A few remarks though.

- Doing real time data processing on tera/peta bytes involves a lot of IO, which is a significant part of of the cost in AWS. Things like Athena are simply not cheap to run at that scale.

- With time series data, the emphasis is usually on querying recent data, not all of the data. You retain older data for auditing for some time. But this can essentially be cold storage.

- Especially alerting related querying is effectively against recent data only. There's no good reason for this to be slow.

- People tend to scale Elasticsearch for the whole data set instead of just recent data. However, with suitable data stream and index life cycle management policies, you can contain the cost quite effectively.

- Elastic Common Schema is nice but also adds a lot of verbosity to your data, and queries. Bloating individual log entries to a KB or more. Parquet is a nice option for sparsely populated column oriented data of course. Probably the online disk storage is not massively different from a well tuned elastic index.

- Elastic and Opensearch have both announced stateless as a their next goal. So, architecturally similar to this and easier to scale horizontally.

- SIEM is just one use case. What about APM, log analytics, and other time series data? Security events usually involve looking at all of that.

1 comments

Matano is completely serverless and stores all data in ZSTD compressed parquet files in dirt-cheap object storage, allowing you to bring your own analytics stack for queries on large amounts of data for things like investigations and threat hunts. Since we store data in a columnar format and plug in query engines like Snowflake that are optimized for analytical processing the queries on specific columns will run much faster than they would run if executed on a search engine database like Elasticsearch which would require maintenance to scale.

I think it's important to understand that search engines and OLAP/data warehouse query engines have fundamental architectural differences that offer pros/cons for different use cases.

For enterprise security analytics on things like network or endpoint logs which can hit 10-100TB+/day, using anything other than a data lake is simply not a cost-effective option. Apache Iceberg was created as a big data table format for exactly this type of use case at companies like Netflix and Apple.

You are not wrong, but I do think realtime and olap have been converging a bit for a while.

Stateless elasticsearch and opensearch are actually moving to a similar model as what Matano proposes. They both have made announcements for stateless versions of their mutual forks. Data at rest with that will live in s3 and there are no more clusters, just auto scaling ingest and query nodes that coordinate via s3 and that allow you to scale your writes and reads independently. Internal elasticearch and opensearch data formats are of course heavily optimized and compact as well. Recent versions have e.g. added some more compression options and sparse colunn data support.
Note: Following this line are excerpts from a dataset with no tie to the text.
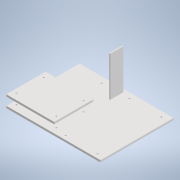
# Autodesk Inventor part: UpperChassis_Base_2
Saved by Autodesk Inventor 2020 (Build 240168000, 168)
## iProperties
Created: 2021-12-09
Part Number: UpperChassis_Base_2
Material: Generic
Document SubType Name: Modeling
Designer: danie
Density: 1 g/cm^3
Appearance: Default
Author: danie
Autodesk Inventor part; units mm, degrees
ref_plane "YZ Plane" through (0, 0, 0) normal (1, 0, 0) x (0, 1, 0)
sketch "Sketch1" plane through (0, 0, 0) normal (0, 1, 0) x (-1, 0, 0)
  line L0 (0, -0.1152) -> (-299.72, -0.1152)
  line L1 (-299.72, -0.1152) -> (-299.72, 232.9298)
  line L2 (-299.72, 232.9298) -> (0, 232.9298)
  line L3 (0, 232.9298) -> (0, -0.1152)
  line L4 (-299.72, 232.9298) -> (-293.37, 232.9298) construction
  line L5 (-293.37, 232.9298) -> (-293.37, -0.1152) construction
  line L6 (-293.37, -0.1152) -> (-299.72, -0.1152) construction
  line L7 (-299.72, -0.1152) -> (-299.72, 232.9298) construction
  line L8 (-293.37, 232.9298) -> (-290.195, 232.9298) construction
  line L9 (-290.195, 232.9298) -> (-290.195, -0.1152) construction
  line L10 (-293.37, -0.1152) -> (-293.37, 232.9298) construction
  line L11 (-290.195, 232.9298) -> (-264.795, 232.9298) construction
  line L12 (-264.795, 232.9298) -> (-264.795, 207.5298) construction
  line L13 (-264.795, 207.5298) -> (-290.195, 207.5298) construction
  line L14 (-290.195, 207.5298) -> (-290.195, 232.9298) construction
  line L15 (-264.795, 232.9298) -> (-290.195, 207.5298) construction
  line L16 (-264.795, 207.5298) -> (-290.195, 232.9298) construction
  circle A0 centre (-277.495, 220.2298) radius 2.3813
  line L17 (-264.795, 207.5298) -> (-188.595, 207.5298) construction
  line L18 (-264.795, 207.5298) -> (-188.595, 207.5298) construction
  line L19 (-188.595, 207.5298) -> (-163.195, 207.5298) construction
  line L20 (-163.195, 207.5298) -> (-163.195, 232.9298) construction
  line L21 (-163.195, 232.9298) -> (-188.595, 232.9298) construction
  line L22 (-188.595, 232.9298) -> (-188.595, 207.5298) construction
  line L23 (-163.195, 232.9298) -> (-188.595, 207.5298) construction
  line L24 (-188.595, 232.9298) -> (-163.195, 207.5298) construction
  line L25 (-290.195, -0.1152) -> (9.525, -0.1152) construction
  line L26 (9.525, -0.1152) -> (9.525, 3.1868) construction
  circle A1 centre (-175.895, 220.2298) radius 2.3813
  line L27 (-299.72, -0.1152) -> (0, -0.1152) construction
  line L28 (0, -0.1152) -> (0, 4.3298) construction
  line L29 (-299.72, 4.3298) -> (-299.72, -0.1152) construction
  line L30 (-290.195, 4.3298) -> (-264.795, 4.3298) construction
  line L31 (-264.795, 4.3298) -> (-264.795, 29.7298) construction
  line L32 (-264.795, 29.7298) -> (-290.195, 29.7298) construction
  line L33 (-290.195, 29.7298) -> (-290.195, 4.3298) construction
  line L34 (-264.795, 29.7298) -> (-188.595, 29.7298) construction
  line L35 (-188.595, 29.7298) -> (-163.195, 29.7298) construction
  line L36 (-163.195, 29.7298) -> (-163.195, 4.3298) construction
  line L37 (-163.195, 4.3298) -> (-188.595, 4.3298) construction
  line L38 (-188.595, 4.3298) -> (-188.595, 29.7298) construction
  line L39 (-163.195, 4.3298) -> (-188.595, 29.7298) construction
  line L40 (-188.595, 4.3298) -> (-163.195, 29.7298) construction
  line L41 (-264.795, 4.3298) -> (-290.195, 29.7298) construction
  line L42 (-290.195, 4.3298) -> (-264.795, 29.7298) construction
  circle A2 centre (-175.895, 17.0298) radius 2.3812
  circle A3 centre (-277.495, 17.0298) radius 2.3813
  line L43 (0, 232.9298) -> (-152.4, 232.9298) construction
  line L44 (-152.4, 232.9298) -> (-152.4, 226.5798) construction
  line L45 (-152.4, 226.5798) -> (0, 226.5798) construction
  line L46 (0, 226.5798) -> (0, 232.9298) construction
  line L47 (0, 226.5798) -> (-25.4, 226.5798) construction
  line L48 (-25.4, 226.5798) -> (-25.4, 201.1798) construction
  line L49 (-25.4, 201.1798) -> (0, 201.1798) construction
  line L50 (0, 201.1798) -> (0, 226.5798) construction
  line L51 (-152.4, 226.5798) -> (-127, 226.5798) construction
  line L52 (-127, 226.5798) -> (-127, 201.1798) construction
  line L53 (-127, 201.1798) -> (-152.4, 201.1798) construction
  line L54 (-152.4, 201.1798) -> (-152.4, 226.5798) construction
  line L55 (0, 201.1798) -> (-25.4, 226.5798) construction
  line L56 (-25.4, 201.1798) -> (0, 226.5798) construction
  line L57 (-127, 201.1798) -> (-152.4, 226.5798) construction
  line L58 (-152.4, 201.1798) -> (-127, 226.5798) construction
  circle A4 centre (-12.7, 213.8798) radius 2.3812
  circle A5 centre (-139.7, 213.8798) radius 2.3812
  line L59 (0, 226.5798) -> (-6.35, 226.5798) construction
  line L60 (-6.35, 226.5798) -> (-6.35, 114.1848) construction
  line L61 (-6.35, 114.1848) -> (0, 114.1848) construction
  line L62 (0, 114.1848) -> (0, 226.5798) construction
  line L63 (0, 114.1848) -> (-25.4, 114.1848) construction
  line L64 (-25.4, 114.1848) -> (-25.4, 139.5848) construction
  line L65 (-25.4, 139.5848) -> (0, 139.5848) construction
  line L66 (0, 139.5848) -> (0, 114.1848) construction
  line L67 (-152.4, 226.5798) -> (-146.05, 226.5798) construction
  line L68 (-146.05, 226.5798) -> (-146.05, 114.1848) construction
  line L69 (-146.05, 114.1848) -> (-152.4, 114.1848) construction
  line L70 (-152.4, 114.1848) -> (-152.4, 226.5798) construction
  line L71 (-152.4, 114.1848) -> (-127, 114.1848) construction
  line L72 (-127, 114.1848) -> (-127, 139.5848) construction
  line L73 (-127, 139.5848) -> (-152.4, 139.5848) construction
  line L74 (-152.4, 139.5848) -> (-152.4, 114.1848) construction
  line L75 (0, -0.1152) -> (-152.4, -0.1152) construction
  line L76 (-152.4, -0.1152) -> (-152.4, 6.2348) construction
  line L77 (-152.4, 6.2348) -> (0, 6.2348) construction
  line L78 (0, 6.2348) -> (0, -0.1152) construction
  line L79 (-152.4, 6.2348) -> (-127, 6.2348) construction
  line L80 (-127, 6.2348) -> (-127, 31.6348) construction
  line L81 (-127, 31.6348) -> (-152.4, 31.6348) construction
  line L82 (-152.4, 31.6348) -> (-152.4, 6.2348) construction
  line L83 (0, 114.1848) -> (-25.4, 139.5848) construction
  line L84 (-25.4, 114.1848) -> (0, 139.5848) construction
  line L85 (-127, 114.1848) -> (-152.4, 139.5848) construction
  line L86 (-152.4, 114.1848) -> (-127, 139.5848) construction
  line L87 (-127, 6.2348) -> (-152.4, 31.6348) construction
  line L88 (-152.4, 6.2348) -> (-127, 31.6348) construction
  circle A6 centre (-139.7, 18.9348) radius 2.3813
  circle A7 centre (-139.7, 126.8848) radius 2.3813
  circle A8 centre (-12.7, 126.8848) radius 2.3812
  line L89 (-152.4, -0.1152) -> (-76.2, -0.1152) construction
  line L90 (-76.2, -0.1152) -> (-76.2, 6.2348) construction
  line L91 (-76.2, 6.2348) -> (-152.4, 6.2348) construction
  line L92 (-152.4, 6.2348) -> (-152.4, -0.1152) construction
  line L93 (-76.2, 6.2348) -> (-101.6, 6.2348) construction
  line L94 (-101.6, 6.2348) -> (-101.6, 31.6348) construction
  line L95 (-101.6, 31.6348) -> (-76.2, 31.6348) construction
  line L96 (-76.2, 31.6348) -> (-76.2, 6.2348) construction
  line L97 (-76.2, 31.6348) -> (-101.6, 6.2348) construction
  line L98 (-76.2, 6.2348) -> (-101.6, 31.6348) construction
  circle A9 centre (-88.9, 18.9348) radius 2.3812
  point P0 (0, 0)
  dimension "d0" = 299.72
  dimension "d1" = 233.045
  dimension "d26" = 6.35
  dimension "d27" = 233.045
  dimension "d28" = 3.175
  dimension "d29" = 233.045
  dimension "d30" = 25.4
  dimension "d31" = 25.4
  dimension "d34" = 4.7625
  dimension "d36" = 76.2
  dimension "d38" = 25.4
  dimension "d39" = 25.4
  dimension "d44" = 3.302
  dimension "d50" = 4.7625
  dimension "d54" = 4.445
  dimension "d55" = 25.4
  dimension "d56" = 25.4
  dimension "d57" = 76.2
  dimension "d58" = 25.4
  dimension "d59" = 25.4
  dimension "d60" = 4.7625
  dimension "d61" = 4.7625
  dimension "d80" = 152.4
  dimension "d81" = 6.35
  dimension "d82" = 25.4
  dimension "d83" = 25.4
  dimension "d84" = 25.4
  dimension "d85" = 25.4
  dimension "d86" = 4.7625
  dimension "d87" = 4.7625
  dimension "d88" = 6.35
  dimension "d89" = 112.395
  dimension "d90" = 25.4
  dimension "d91" = 25.4
  dimension "d92" = 6.35
  dimension "d93" = 112.395
  dimension "d94" = 25.4
  dimension "d95" = 25.4
  dimension "d96" = 152.4
  dimension "d97" = 6.35
  dimension "d98" = 25.4
  dimension "d99" = 25.4
  dimension "d100" = 4.7625
  dimension "d101" = 4.7625
  dimension "d102" = 4.7625
  dimension "d103" = 76.2
  dimension "d104" = 6.35
  dimension "d105" = 25.4
  dimension "d106" = 25.4
  dimension "d107" = 4.7625
  constraints: 198 end point, 36 parallel, 23 horizontal, 20 perpendicular, 10 centre point, 10 midpoint, 1 collinear, 1 point on line
  measures "d0" distance of L1.end L2.end
  measures "d1" distance of L0.end L1.end
  measures "d26" distance of L5.end L6.end
  measures "d27" distance of L4.end L5.end
  measures "d28" distance of L9.end L10.start
  measures "d29" distance of L8.end L9.end
  measures "d30" distance of L12.end L13.end
  measures "d31" distance of L11.end L12.end
  measures "d34" diameter of A0
  measures "d36" distance of L12.end L17.end
  measures "d38" distance of L21.end L20.end
  measures "d39" distance of L20.end L19.end
  measures "d44" distance of L26.end L25.end
  measures "d50" diameter of A1
  measures "d54" distance of L28.end L27.end
  measures "d55" distance of L32.end L31.end
  measures "d56" distance of L31.end L30.end
  measures "d57" distance of L31.end L34.end
  measures "d58" distance of L36.end L37.end
  measures "d59" distance of L35.end L36.end
  measures "d60" diameter of A2
  measures "d61" diameter of A3
  measures "d80" distance of L45.end L44.end
  measures "d81" distance of L44.end L43.end
  measures "d82" distance of L49.end L48.end
  measures "d83" distance of L48.end L47.end
  measures "d84" distance of L52.end L53.end
  measures "d85" distance of L51.end L52.end
  measures "d86" diameter of A4
  measures "d87" diameter of A5
  measures "d88" distance of L61.end L60.end
  measures "d89" distance of L60.end L59.end
  measures "d90" distance of L64.end L65.end
  measures "d91" distance of L63.end L64.end
  measures "d92" distance of L68.end L69.end
  measures "d93" distance of L67.end L68.end
  measures "d94" distance of L73.end L72.end
  measures "d95" distance of L72.end L71.end
  measures "d96" distance of L76.end L77.end
  measures "d97" distance of L75.end L76.end
  measures "d98" distance of L81.end L80.end
  measures "d99" distance of L80.end L79.end
  measures "d100" diameter of A6
  measures "d101" diameter of A7
  measures "d102" diameter of A8
  measures "d103" distance of L91.end L90.end
  measures "d104" distance of L90.end L89.end
  measures "d105" distance of L94.end L95.end
  measures "d106" distance of L93.end L94.end
  measures "d107" diameter of A9
extrude "Extrusion1" add sketch "Sketch1" along normal blind 6.35
ref_plane "Work Plane8" through (0, 31.75, 0) normal (0, 1, 0) x (1, 0, 0)
sketch "Sketch4" plane through (0, 31.75, 0) normal (0, 1, 0) x (1, 0, 0)
  line L0 (0, -232.9298) -> (299.72, -232.9298) projected
  line L1 (0, -232.9298) -> (0, 0)
  line L2 (152.4, -232.9298) -> (0, -232.9298)
  line L3 (0, 0) -> (0, -232.9298) projected
  line L4 (76.2, -107.95) -> (0, -107.95)
  line L5 (0, -107.95) -> (0, -6.35)
  line L6 (152.4, -114.1848) -> (0, -114.1848) construction
  line L7 (152.4, -114.1848) -> (127, -114.1848) construction
  line L8 (127, -114.1848) -> (127, -139.5848) construction
  line L9 (127, -139.5848) -> (152.4, -139.5848) construction
  line L10 (152.4, -139.5848) -> (152.4, -114.1848) construction
  line L11 (0, -114.1848) -> (25.4, -114.1848) construction
  line L12 (25.4, -114.1848) -> (25.4, -139.5848) construction
  line L13 (25.4, -139.5848) -> (0, -139.5848) construction
  line L14 (0, -139.5848) -> (0, -114.1848) construction
  line L15 (0, -114.1848) -> (0, -226.5798) construction
  line L16 (0, -226.5798) -> (25.4, -226.5798) construction
  line L17 (25.4, -226.5798) -> (25.4, -201.1798) construction
  line L18 (25.4, -201.1798) -> (0, -201.1798) construction
  line L19 (0, -201.1798) -> (0, -226.5798) construction
  line L20 (152.4, -226.5798) -> (0, -226.5798) construction
  line L21 (152.4, -226.5798) -> (127, -226.5798) construction
  line L22 (127, -226.5798) -> (127, -201.1798) construction
  line L23 (127, -201.1798) -> (152.4, -201.1798) construction
  line L24 (152.4, -201.1798) -> (152.4, -226.5798) construction
  line L25 (127, -114.1848) -> (152.4, -139.5848) construction
  line L26 (152.4, -114.1848) -> (127, -139.5848) construction
  line L27 (0, -114.1848) -> (25.4, -139.5848) construction
  line L28 (0, -139.5848) -> (25.4, -114.1848) construction
  line L29 (0, -201.1798) -> (25.4, -226.5798) construction
  line L30 (25.4, -201.1798) -> (0, -226.5798) construction
  line L31 (127, -201.1798) -> (152.4, -226.5798) construction
  line L32 (152.4, -201.1798) -> (127, -226.5798) construction
  circle A0 centre (12.7, -213.8798) radius 2.3813
  circle A1 centre (139.7, -213.8798) radius 2.3813
  circle A2 centre (139.7, -126.8848) radius 2.3813
  circle A3 centre (12.7, -126.8848) radius 2.3812
  line L33 (76.2, -107.95) -> (152.4, -107.95)
  line L34 (152.4, -107.95) -> (152.4, -232.9298)
  line L35 (0, -232.9298) -> (299.72, -232.9298) projected
  point P0 (76.2, -6.35)
  point P1 (152.4, -6.35)
  dimension "d18" = 101.6
  dimension "d62" = 25.4
  dimension "d63" = 25.4
  dimension "d64" = 25.4
  dimension "d65" = 25.4
  dimension "d66" = 25.4
  dimension "d67" = 25.4
  dimension "d68" = 25.4
  dimension "d69" = 25.4
  dimension "d74" = 4.7625
  dimension "d75" = 4.7625
  dimension "d76" = 4.7625
  dimension "d77" = 4.7625
  constraints: 60 end point, 8 parallel, 8 perpendicular, 4 centre point, 4 horizontal, 4 midpoint, 1 point on line
  measures "d18" distance of point (76.2, -6.35) L4.start
  measures "d62" distance of L9.end L8.end
  measures "d63" distance of L8.end L7.end
  measures "d64" distance of L12.end L13.end
  measures "d65" distance of L11.end L12.end
  measures "d66" distance of L18.end L17.end
  measures "d67" distance of L17.end L16.end
  measures "d68" distance of L22.end L23.end
  measures "d69" distance of L21.end L22.end
  measures "d74" diameter of A0
  measures "d75" diameter of A1
  measures "d76" diameter of A2
  measures "d77" diameter of A3
extrude "Extrusion4" add sketch "Sketch4" along normal blind 6.35
ref_plane "Work Plane7" through (152.4, 6.35, 0) normal (0, 0, -1) x (-1, 0, 0)
sketch "Sketch6" plane through (152.4, 6.35, 0) normal (0, 0, -1) x (-1, 0, 0)
  line L0 (152.4, 54.61) -> (0, 54.61) construction
  line L1 (0, 48.26) -> (152.4, 48.26) construction
  line L2 (76.2, 54.61) -> (0, 54.61) construction
  line L3 (0, 54.61) -> (0, 48.26) construction
  line L4 (0, 48.26) -> (76.2, 48.26) construction
  line L5 (76.2, 48.26) -> (76.2, 54.61) construction
  line L6 (0, 48.26) -> (25.4, 48.26) construction
  line L7 (25.4, 48.26) -> (25.4, 24.13) construction
  line L8 (25.4, 24.13) -> (0, 24.13) construction
  line L9 (0, 24.13) -> (0, 48.26) construction
  line L10 (25.4, 24.13) -> (0, 48.26) construction
  line L11 (0, 24.13) -> (25.4, 48.26) construction
  line L12 (0, 0) -> (-147.32, 0) construction
  line L13 (25.4, 24.13) -> (0, 0) construction
  line L14 (0, 0) -> (25.4, 0) construction
  line L15 (0, 0) -> (25.4, 0) construction
  line L16 (25.4, 0) -> (0, 24.13) construction
  line L17 (76.2, 48.26) -> (50.8, 48.26) construction
  line L18 (50.8, 48.26) -> (50.8, 24.13) construction
  line L19 (50.8, 24.13) -> (76.2, 24.13) construction
  line L20 (76.2, 24.13) -> (76.2, 48.26) construction
  line L21 (-147.32, 0) -> (152.4, 0) construction
  line L22 (50.8, 24.13) -> (76.2, 24.13) construction
  line L23 (76.2, 24.13) -> (76.2, 0) construction
  line L24 (76.2, 0) -> (50.8, 0) construction
  line L25 (50.8, 0) -> (50.8, 24.13) construction
  line L26 (50.8, 48.26) -> (76.2, 24.13) construction
  line L27 (76.2, 0) -> (76.2, 48.26) construction
  line L28 (76.2, 48.26) -> (50.8, 24.13) construction
  line L29 (50.8, 24.13) -> (76.2, 0) construction
  line L30 (76.2, 24.13) -> (50.8, 0) construction
  circle A0 centre (12.7, 36.195) radius 2.3812
  circle A1 centre (63.5, 36.195) radius 2.3812
  circle A2 centre (63.5, 12.065) radius 2.3812
  circle A3 centre (12.7, 12.065) radius 2.3813
  point P0 (152.4, -6.35)
  dimension "d108" = 76.2
  dimension "d109" = 6.35
  dimension "d110" = 25.4
  dimension "d111" = 24.13
  dimension "d112" = 25.4
  dimension "d114" = 25.4
  dimension "d115" = 24.13
  dimension "d116" = 4.7625
  dimension "d117" = 4.7625
  dimension "d118" = 4.7625
  dimension "d119" = 4.7625
  constraints: 52 end point, 8 parallel, 6 horizontal, 5 midpoint, 4 centre point, 4 perpendicular, 2 point on line, 1 collinear
  measures "d108" distance of L4.end L1.start
  measures "d109" distance of L1.start L2.end
  measures "d110" distance of L7.end L8.end
  measures "d111" distance of L6.end L7.end
  measures "d112" distance of L12.start L14.end
  measures "d114" distance of L19.end L18.end
  measures "d115" distance of L18.end L17.end
  measures "d116" diameter of A0
  measures "d117" diameter of A1
  measures "d118" diameter of A2
  measures "d119" diameter of A3
extrude "Extrusion5" cut sketch "Sketch6" against normal blind 6.35
sketch "Sketch11" plane through (0, 6.35, 0) normal (0, 1, 0) x (1, 0, 0)
  line L0 (145.5925, -51.0146) -> (148.7675, -51.0146)
  line L1 (148.7675, -51.0146) -> (148.7675, -9.4234)
  line L2 (148.7675, -9.4234) -> (145.5925, -9.4234)
  line L3 (145.5925, -9.4234) -> (145.5925, -51.0146)
  point P0 (0, 0)
  dimension "d169" = 3.175
  constraints: 8 end point, 2 parallel, 1 horizontal, 1 perpendicular
  measures "d169" distance of L2.end L1.end
extrude "Extrusion8" add sketch "Sketch11" along normal blind 127
body "Solid1"

But they are also optimized for good read performance. There's a tradeoff. If you write once and read rarely, you'd use more heavy compression. If you expect to query vast amounts of data regularly, you need something more optimal because it takes CPU overhead to de-compress.

For search and aggregations, you either have an index or you basically need to scan through the entirety of your data. Athena does that. It's not cheap. Lambda functions still have to run somewhere and receive data. They don't run locally to buckets. Ultimately you pay for compute, bandwidth, and memory. Storing data is cheap but using it is not. That's the whole premise of how AWS makes money.

Splunk and Elasticsearch are explicitly aimed at real-time use cases (dashboards, alerts, etc.), which is also what Matano seems to be targeting. But it can also deal with cold storage. Index life cycle management allows you to move data from hot, warm, and cold storage. Cold here means snapshot in S3 that can be restored on demand for querying. It also has rollovers and a few other mechanisms to save a bit on storage. So, it's not that black and white.

Computing close to where the data lives is a good way to scale. Having indexing and caching can cut down on query overhead. That's hard with lambdas, athena, and related technology. But those are more suited for one off queries where you don't care that it might take a few seconds/minutes/hours to run. Different use case.